What the exercise asks |
Look for the word "import" in the material below, then report each line where it occurs.

Data to process |
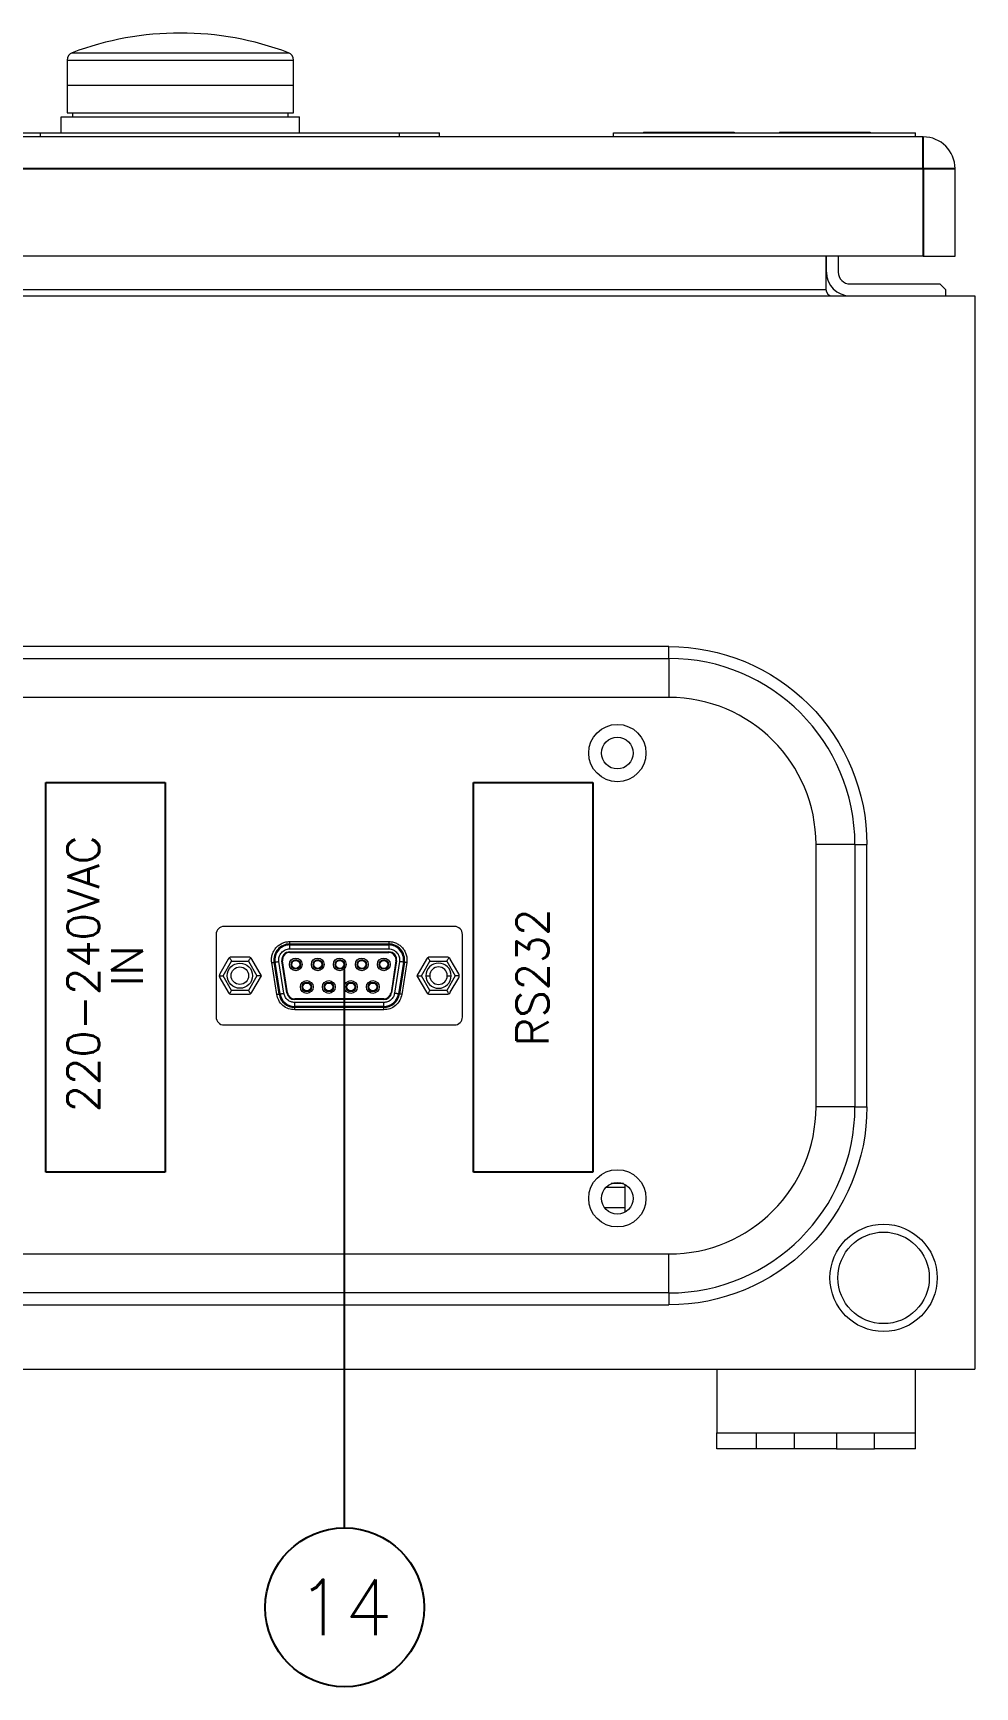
# Model space of a CAD drawing. Extents: x 4137 to 28680, y 2446 to 6814.
# Drawn here: x 16282.7 to 16432.1, y 4969.1 to 5231.2 of the extents above; entities that cross this region are included whole.
import ezdxf
from ezdxf.enums import TextEntityAlignment as Align

# ---------------------------------------------------------------- set-up
doc = ezdxf.new("R2010")
doc.units = 0
doc.header["$LTSCALE"] = 0.5
doc.layers.get('0').update_dxf_attribs({"linetype": 'CONTINUOUS'})
doc.layers.add('DIM', color=5, linetype='CONTINUOUS')
doc.layers.add('VOL', color=2, linetype='CONTINUOUS')
doc.styles.get("Standard").update_dxf_attribs({"font": 'simplex.shx'})

msp = doc.modelspace()

# ---------------------------------------------------------------- linework, layer by layer
at = {"color": 7, "linetype": 'Continuous', "lineweight": 15}
for p, q in [((16288.11, 5226.89), (16288.11, 5222.93)), ((16288.11, 5226.89), (16288.11, 5222.93)), ((16324.02, 5222.93), (16324.02, 5226.89)), ((16324.02, 5222.93), (16324.02, 5226.89)), ((16288.11, 5222.93), (16324.02, 5222.93)), ((16288.11, 5222.93), (16324.02, 5222.93)), ((16288.12, 5222.93), (16288.12, 5218.52)), ((16288.12, 5222.93), (16288.12, 5218.52)), ((16324, 5218.52), (16324, 5222.93)), ((16324, 5218.52), (16324, 5222.93)), ((16288.12, 5218.52), (16324, 5218.52)), ((16288.12, 5218.52), (16324, 5218.52)), ((16288.96, 5218.52), (16288.96, 5217.89)), ((16288.96, 5218.52), (16288.96, 5217.89)), ((16323.17, 5217.89), (16323.17, 5218.52)), ((16323.17, 5217.89), (16323.17, 5218.52)), ((16277.61, 5215.38), (16283.91, 5215.38)), ((16277.61, 5215.38), (16283.91, 5215.38)), ((16283.91, 5214.74), (16283.91, 5215.38)), ((16283.91, 5215.38), (16340.84, 5215.38)), ((16283.91, 5214.74), (16283.91, 5215.38)), ((16283.91, 5215.38), (16340.84, 5215.38)), ((16287.16, 5217.89), (16324.96, 5217.89)), ((16287.16, 5215.38), (16287.16, 5217.89)), ((16287.16, 5217.89), (16324.96, 5217.89)), ((16287.16, 5215.38), (16287.16, 5217.89)), ((16324.96, 5215.38), (16324.96, 5217.89)), ((16324.96, 5215.38), (16324.96, 5217.89)), ((16340.84, 5214.74), (16340.84, 5215.38)), ((16340.84, 5215.38), (16347.14, 5215.38)), ((16340.84, 5214.74), (16340.84, 5215.38)), ((16340.84, 5215.38), (16347.14, 5215.38)), ((16347.14, 5214.74), (16347.14, 5215.38)), ((16347.14, 5214.74), (16347.14, 5215.38)), ((16374.73, 5214.74), (16374.73, 5215.37)), ((16374.73, 5215.37), (16422.61, 5215.37)), ((16374.73, 5214.74), (16374.73, 5215.37)), ((16374.73, 5215.37), (16422.61, 5215.37)), ((16379.52, 5215.5), (16379.52, 5215.37)), ((16379.52, 5215.5), (16393.88, 5215.5)), ((16379.52, 5215.5), (16379.52, 5215.37)), ((16379.52, 5215.5), (16393.88, 5215.5)), ((16393.88, 5215.5), (16393.88, 5215.37)), ((16393.88, 5215.5), (16393.88, 5215.37)), ((16401.07, 5215.5), (16401.07, 5215.37)), ((16401.07, 5215.5), (16415.43, 5215.5)), ((16401.07, 5215.5), (16401.07, 5215.37)), ((16401.07, 5215.5), (16415.43, 5215.5)), ((16415.43, 5215.5), (16415.43, 5215.37)), ((16415.43, 5215.5), (16415.43, 5215.37)), ((16422.61, 5214.74), (16422.61, 5215.37)), ((16422.61, 5214.74), (16422.61, 5215.37)), ((16423.87, 5214.74), (16188.25, 5214.74)), ((16423.87, 5214.74), (16188.25, 5214.74)), ((16428.91, 5195.84), (16428.91, 5209.7)), ((16428.91, 5195.84), (16428.91, 5209.7)), ((16423.87, 5195.84), (16188.25, 5195.84)), ((16423.87, 5195.84), (16188.25, 5195.84)), ((16408.44, 5195.84), (16408.44, 5190.55)), ((16408.44, 5195.84), (16408.44, 5190.55)), ((16408.5, 5193.32), (16408.5, 5195.84)), ((16408.5, 5193.32), (16408.5, 5195.84)), ((16410.39, 5195.84), (16410.39, 5193.32)), ((16410.39, 5195.84), (16410.39, 5193.32)), ((16423.87, 5195.84), (16428.91, 5195.84)), ((16423.87, 5195.84), (16428.91, 5195.84)), ((16180.06, 5189.54), (16432.06, 5189.54)), ((16180.06, 5189.54), (16432.06, 5189.54)), ((16194.87, 5190.55), (16408.44, 5190.55)), ((16194.87, 5190.55), (16408.44, 5190.55)), ((16412.28, 5191.43), (16426.52, 5191.43)), ((16412.28, 5191.43), (16426.52, 5191.43)), ((16427.4, 5190.55), (16426.52, 5191.43)), ((16427.4, 5190.55), (16426.52, 5191.43)), ((16427.4, 5190.55), (16427.4, 5189.54)), ((16427.4, 5190.55), (16427.4, 5189.54)), ((16432.06, 5189.54), (16432.06, 5019.44)), ((16432.06, 5189.54), (16432.06, 5019.44)), ((16383.55, 5133.97), (16228.57, 5133.97)), ((16383.55, 5133.97), (16228.57, 5133.97)), ((16228.57, 5132.08), (16383.55, 5132.08)), ((16228.57, 5132.08), (16383.55, 5132.08)), ((16383.55, 5132.08), (16383.55, 5133.97)), ((16383.55, 5132.08), (16383.55, 5133.97)), ((16383.55, 5125.91), (16228.57, 5125.91)), ((16383.55, 5125.91), (16228.57, 5125.91)), ((16406.86, 5061.02), (16406.86, 5102.6)), ((16406.86, 5061.02), (16406.86, 5102.6)), ((16413.03, 5102.6), (16413.03, 5061.02)), ((16413.03, 5102.6), (16414.92, 5102.6)), ((16413.03, 5102.6), (16413.03, 5061.02)), ((16413.03, 5102.6), (16414.92, 5102.6)), ((16414.92, 5061.02), (16414.92, 5102.6)), ((16414.92, 5061.02), (16414.92, 5102.6)), ((16349.53, 5089.62), (16312.99, 5089.62)), ((16349.53, 5089.62), (16312.99, 5089.62)), ((16311.73, 5088.36), (16311.73, 5075.26)), ((16311.73, 5088.36), (16311.73, 5075.26)), ((16323.41, 5086.84), (16323.41, 5087.22)), ((16323.41, 5087.22), (16339.11, 5087.22)), ((16323.41, 5086.84), (16323.41, 5087.22)), ((16323.41, 5087.22), (16339.11, 5087.22)), ((16339.11, 5087.22), (16339.11, 5086.84)), ((16339.11, 5087.22), (16339.11, 5086.84)), ((16350.79, 5075.26), (16350.79, 5088.36)), ((16350.79, 5075.26), (16350.79, 5088.36)), ((16313.65, 5084.44), (16312.31, 5082.12)), ((16313.65, 5084.44), (16312.31, 5082.12)), ((16316.87, 5084.75), (16314.2, 5084.75)), ((16316.87, 5084.75), (16314.2, 5084.75)), ((16318.94, 5081.81), (16317.42, 5084.44)), ((16318.94, 5081.81), (16317.42, 5084.44)), ((16323.41, 5086.69), (16323.41, 5086.84)), ((16323.41, 5086.84), (16339.11, 5086.84)), ((16323.41, 5086.69), (16323.41, 5086.84)), ((16323.41, 5086.84), (16339.11, 5086.84)), ((16323.41, 5086.06), (16323.41, 5086.69)), ((16323.41, 5086.69), (16339.11, 5086.69)), ((16323.41, 5086.06), (16323.41, 5086.69)), ((16323.41, 5086.69), (16339.11, 5086.69)), ((16323.41, 5086.06), (16339.11, 5086.06)), ((16323.41, 5086.06), (16339.11, 5086.06)), ((16323.41, 5085.59), (16339.11, 5085.59)), ((16323.41, 5085.59), (16339.11, 5085.59)), ((16323.41, 5085.49), (16339.11, 5085.49)), ((16323.41, 5085.49), (16339.11, 5085.49)), ((16339.11, 5086.84), (16339.11, 5086.69)), ((16339.11, 5086.84), (16339.11, 5086.69)), ((16339.11, 5086.69), (16339.11, 5086.06)), ((16339.11, 5086.69), (16339.11, 5086.06)), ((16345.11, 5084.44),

Answer space |
import ezdxf
from ezdxf.enums import TextEntityAlignment as Align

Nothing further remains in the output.